Since these modifications work on released software which is no longer under NDA I can publish the steps below. They work with Xcode 4.4.1 which was published as a 47.48 MB incremental update just yesterday. What their effect is with unreleased future Xcode versions I cannot comment on (NDA) but you can easily find out yourself.

So first, I updated my Xcode to Version 4.4.1 (4F1003).

Then I created a File.txt in ~/Library/Application Support/iPhone Simulator with these contents:

<?xml version="1.0" encoding="UTF-8"?>
<!DOCTYPE plist PUBLIC "-//Apple//DTD PLIST 1.0//EN" "http://www.apple.com/DTDs/PropertyList-1.0.dtd">
<plist version="1.0">
<dict>
<key>E</key>
<string>Well, this was fun to discover. But don't change this magic value!</string>
<key>EagleEnabled</key>
<true/>
<key>GiraffeEnabled</key>
<true/>
</dict>
</plist>

This file with this exact contents and at this exact location tells the iOS Simulator to enable the two secret Eagle and Giraffe settings.

The next step is to modify the Info.plist of the iPhone Retina device settings. Those are found in /Applications/Xcode.app/Contents/Developer/Platforms/iPhoneSimulator.platform/Developer/Applications/iPhone Simulator.app/Contents/Resources/Devices/iPhone (Retina).deviceinfo folder.

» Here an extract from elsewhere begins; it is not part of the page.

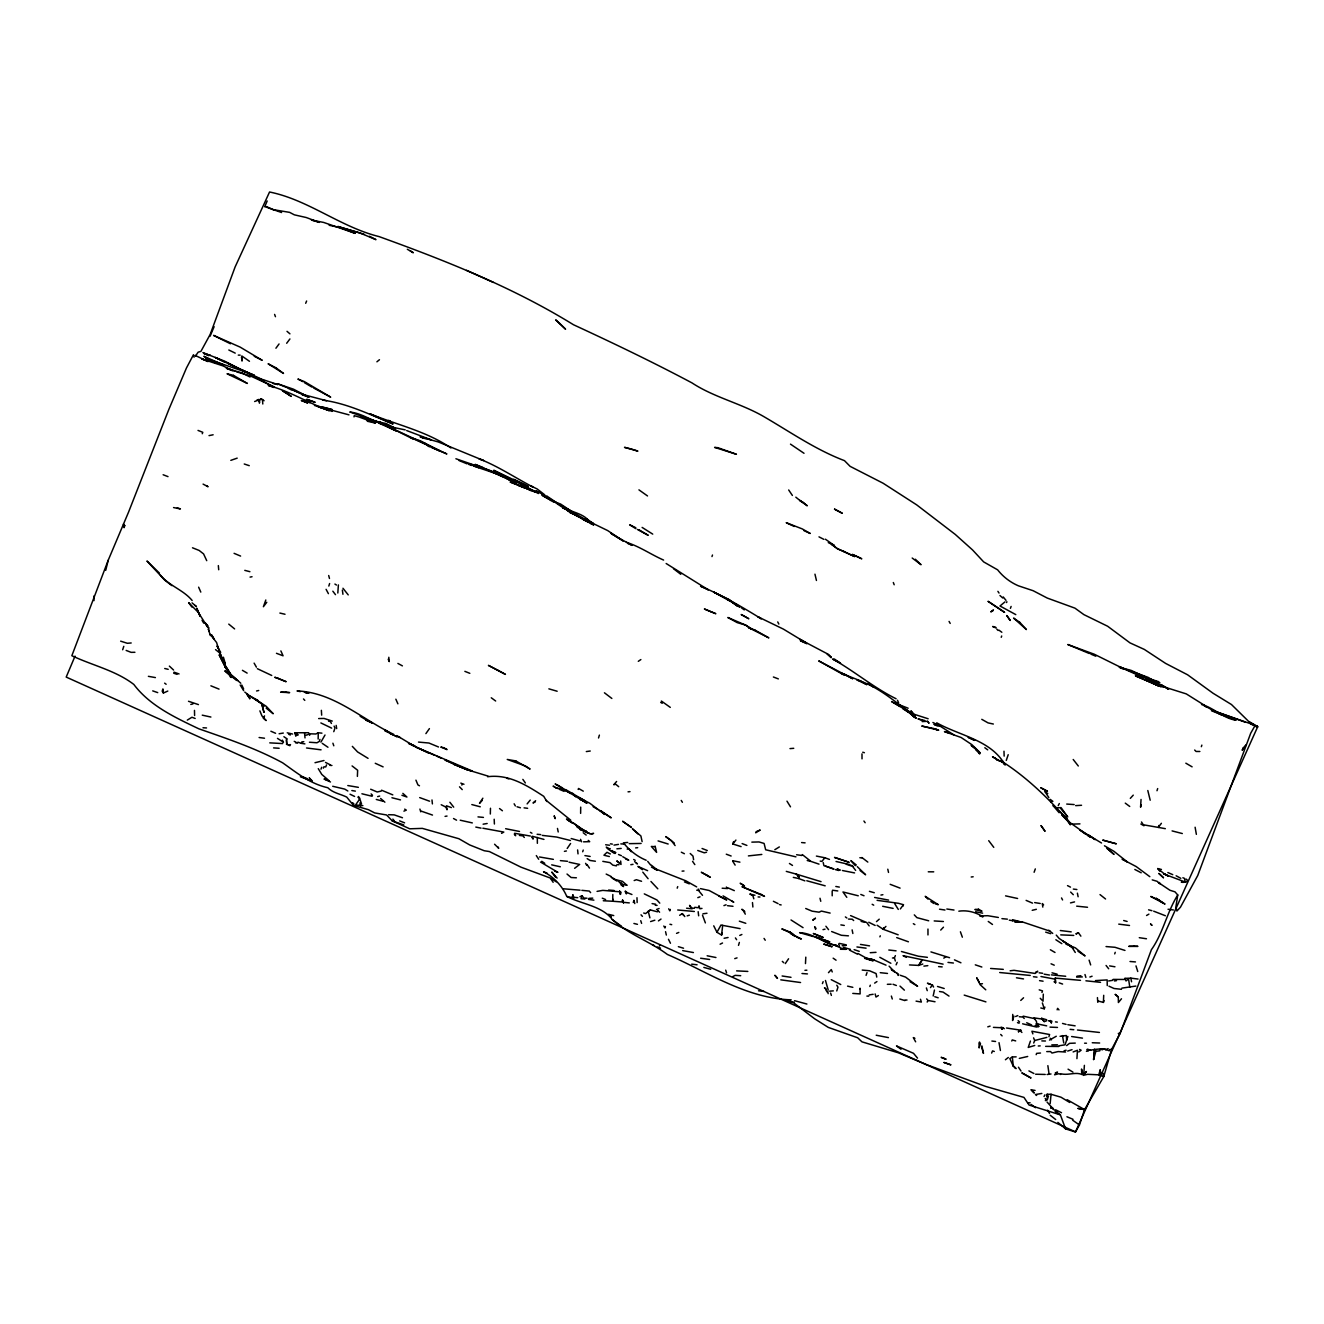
<?xml version="1.0" encoding="UTF-8"?>
<svg xmlns="http://www.w3.org/2000/svg" width="1324" height="1324" viewBox="0 0 1324 1324"><rect width="100%" height="100%" fill="white"/><g stroke="black" fill="none" stroke-linecap="round" stroke-linejoin="round"><path stroke-width="1.5" d="M1087.318 1049.121L1090.612 1050.18L1094.584 1049.436L1095.875 1051.289L1093.591 1059.531L1094.584 1049.436L1102.429 1048.757L1102.031 1049.882L1104.216 1048.74L1109.247 1050.793L1109.678 1049.551L1111.597 1049.402L1120.154 1033.481L1151.417 949.672C1163.002 933.42 1166.941 912.153 1177.748 894.974L1175 891.846L1169.969 890.274L1157.656 882.032M318.157 739.04L318.257 732.768L321.931 733.165M580.624 813.383L580.706 807.11M612.813 894.511L612.714 901.247L621.982 901.975L622.578 900.088L623.521 902.885L622.578 900.088M1250.965 724.129L1257.535 727.042L1257.287 725.982L1254.457 726.644L1250.733 733.165L1197.74 875.512L1180.462 907.205L1176.904 911.011L1175.927 906.725L1177.748 894.974M1012.744 1014.399L1012.595 1020.506L1013.952 1016.153M490.327 814.012L490.476 808.252M1043.312 994.159L1043.031 1001.192L1040.234 998.279M357.381 776.394L357.645 770.254L352.085 765.934M1097.431 997.601L1097.778 1002.251L1098.208 1001.043L1103.405 1002.417L1103.703 995.317M805.472 963.591L805.803 957.153M713.735 925.824L716.963 932.278L721.58 935.058L722.672 925.377L740.083 928.637M1141.04 799.448L1140.56 807.21L1141.255 805.009M1076.925 1058.654L1077.455 1050.28L1073.135 1051.935M1060.938 1073.797C1068.269 1075.618 1075.254 1071.728 1081.774 1074.426L1083.81 1073.913L1084.389 1065.357M337.819 593.02L338.381 584.927M886.021 965.146L872.715 959.503L867.452 958.725L865.681 957.897L874.237 960.099L867.452 958.725L857.935 953.462M1050.18 1103.537L1051.057 1094.286L1047.185 1094.236L1046.539 1095.842M1093.591 1059.531L1094.584 1049.436M194.86 605.366L196.415 606.591L192.063 602.867M1012.496 920.792L1012.661 919.717L1022.376 922.315M354.021 416.894L354.236 415.67L359.218 417.077L375.486 423.068L367.294 421.264M105.721 570.346L108.204 560.251L128.544 512.156L168.81 409.513L186.485 367.923L193.453 354.749L194.082 357.215M1111.597 1049.402L1103.786 1076.561L1098.788 1074.823L1100.178 1069.957L1100.873 1074.128M598.531 737.981L599.391 735.101M738.494 945.369L739.371 942.44M328.832 586.069L329.61 583.52M572.183 897.275L572.895 894.958L573.755 898.069L566.738 896.398C562.485 886.236 553.664 876.769 543.535 871.821L546.977 873.062M620.41 894.379L619.599 891.085L620.41 894.379L621.088 892.194M633.286 902.488L633.964 900.303L634.792 903.58M1048.922 1036.692L1049.601 1034.524L1031.892 1031.247L1032.869 1033.879M1156.994 790.742L1157.673 788.574M294.739 733.496L296.46 734.141L295.798 736.21L295.037 732.768L308.591 732.735L309.601 735.25L310.097 733.81L315.824 733.993L318.257 732.768M1048.525 1095.875L1047.234 1099.996L1047.185 1094.236M319.961 739.404L319.316 741.407L316.966 742.764L309.435 742.234M1059.018 1045.778L1065.042 1044.818L1067.889 1036.46M1158.93 825.464L1158.318 827.401L1144.267 824.951M613.31 899.393L612.714 901.247L603.281 900.75M721.58 935.058L722.192 933.155M836.751 990.948L837.96 987.174L836.801 985.238M1103.405 1002.417L1104.001 1000.563M1100.343 1049.088L1099.781 1050.826L1095.875 1051.289M122.669 649.753L123.794 646.327M582.692 851.762L583.239 850.058M1051.355 1022.84L1051.885 1021.201L1050.081 1020.903L1051.355 1022.84L1050.296 1020.473M320.921 742.102L325.009 735.002M980.223 1044.653L979.148 1047.913L979.015 1042.865M1041.971 992.487L1042.501 990.898L1039.208 989.856M711.981 556.577L712.494 555.021M677.209 888.172L677.722 886.617M1114.709 953.892L1115.238 952.32M1201.348 746.686L1201.861 745.114M793.308 877.382L798.471 878.457L798.984 876.918L796.27 874.121L786.291 871.374M1002.285 1029.211L1002.781 1027.705L1001.143 1027.176L1002.285 1029.211L1000.894 1027.705L993.43 1027.374M883.671 927.81L883.174 929.283L898.185 934.81M1004.982 601.874L1000.001 605.995L1015.789 614.617M1014.763 1067.276L1013.274 1066.201L1012.347 1056.949L1016.153 1056.866M1057.131 1009.815L1057.628 1008.325L1058.985 1009.914M202.274 433.742L202.771 432.303L198.021 430.416M260.497 399.997L260.927 398.805L262.466 399.732L262.797 404.002M297.9 742.168L301.375 743.343L301.855 741.903L303.808 741.688M321.368 710.326L321.666 715.142M582.014 895.818L581.037 898.698L584.844 899.046L582.014 895.818L579.895 896.679M665.442 926.535L664.962 927.959L663.804 926.022M1006.273 760.423L1008.209 754.697M1046.672 1025.852L1037.801 1024.031L1037.321 1025.471L1038.711 1026.53L1036.477 1027.027L1022.625 1023.816M625.391 891.052L626.798 892.459L626.335 893.865L625.16 891.499M670.308 909.423L669.828 910.829L668.686 908.794M461.861 785.115L462.324 783.742L460.818 783.08M866.078 975.358L867.021 972.594M902.985 906.063L903.448 904.706L898.466 903.299L877.1 900.32M897.176 962.366L896.116 964.832M1050.627 1108.205L1051.091 1106.847M869.851 986.479L870.315 985.172M1001.242 637.307L1001.689 636M429.423 728.614L425.898 733.612M1030.436 1041.061L1028.235 1047.433L1034.739 1045.464M1033.597 1037.867L1034.673 1040.532L1033.713 1043.014M1036.179 1054.665L1036.626 1053.374L1040.499 1053.027M333.764 731.676L334.641 729.143M1057.859 1122.388L1065.588 1128.892L1075.469 1132.003L1079.441 1124.97L1084.571 1109.611L1103.786 1076.561L1103.008 1073.185L1104.199 1075.402M927.247 990.65L926.386 987.952M741.109 846.615L732.768 843.967L733.612 841.601M265.81 600.004L263.393 606.723L266.786 602.271M859.64 989.342L860.054 988.217L860.12 993.91L852.788 993.414M1034.11 872.268L1035.318 868.908M1042.816 907.106L1042.286 903.547L1043.61 904.888M556.312 881.817L550.188 877.994L520.944 867.154L489.367 851.547L484.236 850.736L469.706 844.944L458.865 838.721L422.339 828.377L409.728 828.807L392.202 820.863L386.625 814.988L374.675 812.919L368.403 809.676L353.475 805.389L346.739 797.098C340.417 793.97 333.052 793.01 327.806 787.73C309.915 783.692 296.957 772.902 282.641 762.823C255.846 748.292 227.248 738.709 198.848 728.812C175.364 717.658 149.811 705.758 133.84 684.458C115.817 670.54 92.382 665.426 71.844 655.711L108.204 560.251M879.897 936.846L880.278 935.803M326.515 764.908L325.77 766.91L323.917 766.828L323.337 768.168M949.556 957.715L946.164 956.656L943.78 958.146M1054.07 981.746L1055.576 982.772L1055.245 978.105L1080.483 980.339M578.158 789.468L578.538 788.475L583.272 791.156M822.419 983.6L823.147 981.663M320.987 769.161L321.699 767.241M1010.411 608.345L1011.122 606.425M659.435 946.031L659.782 945.104M627.278 849.28L627.626 848.386M876.488 921.603L879.235 919.17M1006.571 602.569L1006.902 601.725M661.024 919.055L658.442 920.892M621.188 848.436L616.885 848.816M1040.813 1007.978L1044.272 1008.789L1044.917 1007.15M305.695 303.295L306.622 301.011M586.664 865.234L585.589 863.347M726.363 887.03L727.538 888.553L722.159 888.222M1020.821 1030.204L1018.421 1031.744L1020.821 1030.204L1006.488 1028.003M888.52 872.433L887.792 869.206M991.643 1053.076L992.537 1050.908L994.291 1051.471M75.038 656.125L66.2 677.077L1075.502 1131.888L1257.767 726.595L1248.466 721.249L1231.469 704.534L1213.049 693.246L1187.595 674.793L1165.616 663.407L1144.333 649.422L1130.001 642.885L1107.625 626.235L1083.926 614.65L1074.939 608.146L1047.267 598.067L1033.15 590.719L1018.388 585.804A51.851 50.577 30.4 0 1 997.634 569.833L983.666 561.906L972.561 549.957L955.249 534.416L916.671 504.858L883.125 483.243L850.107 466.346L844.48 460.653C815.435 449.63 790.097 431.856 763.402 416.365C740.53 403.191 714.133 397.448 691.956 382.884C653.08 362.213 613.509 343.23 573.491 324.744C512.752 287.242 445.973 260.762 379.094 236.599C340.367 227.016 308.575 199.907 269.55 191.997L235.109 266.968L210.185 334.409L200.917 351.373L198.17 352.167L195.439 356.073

The simplest way to modify this file – since it is write-protected and owned by root – was to drag a copy to the desktop. Then double-click on it to open it with Xcode’s plist editor and make the modification. Saving keeps it as a binary plist and then you can drag it back to the original location and replace the original Info.plist.

Quit the iOS Simulator if it is running and the next time you start it you’ll find that the display is higher. If you have sufficient screen size for the simulator to show the chrome then you will see that the view in between has grown larger, like in this screen shot posted by PSPDFKit creator Peter Steinberger.

My 13″ MacBook Air does not have sufficient resolution to show the chrome and thus falls back to the chrome-less version. Here’s a screenshot of my 5.1 simulator at 50% scale. You can easily see that the 4 rows on springboard stretch apart and why it is a better design choice to add another row in a possible future version of the OS.

I also wanted to see if you can run your own apps at the higher resolution and it turns out you can, albeit with a caveat.

The problem only becomes apparent if you try to switch to other tabs of this UITabBarController. The underlying UIWindow does not get resized to the larger resolution and thus taps at the bottom corner get clipped. You can only interact with the upper region that falls into the “normal” resolution.

You can probably work around this by modifying the UIWindow’s bounds at run time. Here my experiments ended, because the point was to validate Cédric’s find. Especially because of the hilarious code names that I couldn’t believe at first.

Conclusion

In any case this does not prove that “the new iPhone” will have a different resolution and we should not publicly comment about the features of iOS 6 that are still under NDA. But we’re glad that this hack exists and allows us to tinker with the different resolution.

Cédric Luthi is our hero for telling us way in advance of anything “official” that we can test our apps for different resolutions. Apps that display something of variable size (i.e. a table) should have no problems adapting, they would simply show more scrollable content.

Giraffe, Long Neck, get it?

If anything then this can serve as a gentle reminder to never hard-code resolutions in your iOS apps. You should make proper use of autoresizing masks or auto-layout to have our interfaces adapt to different resolutions automatically.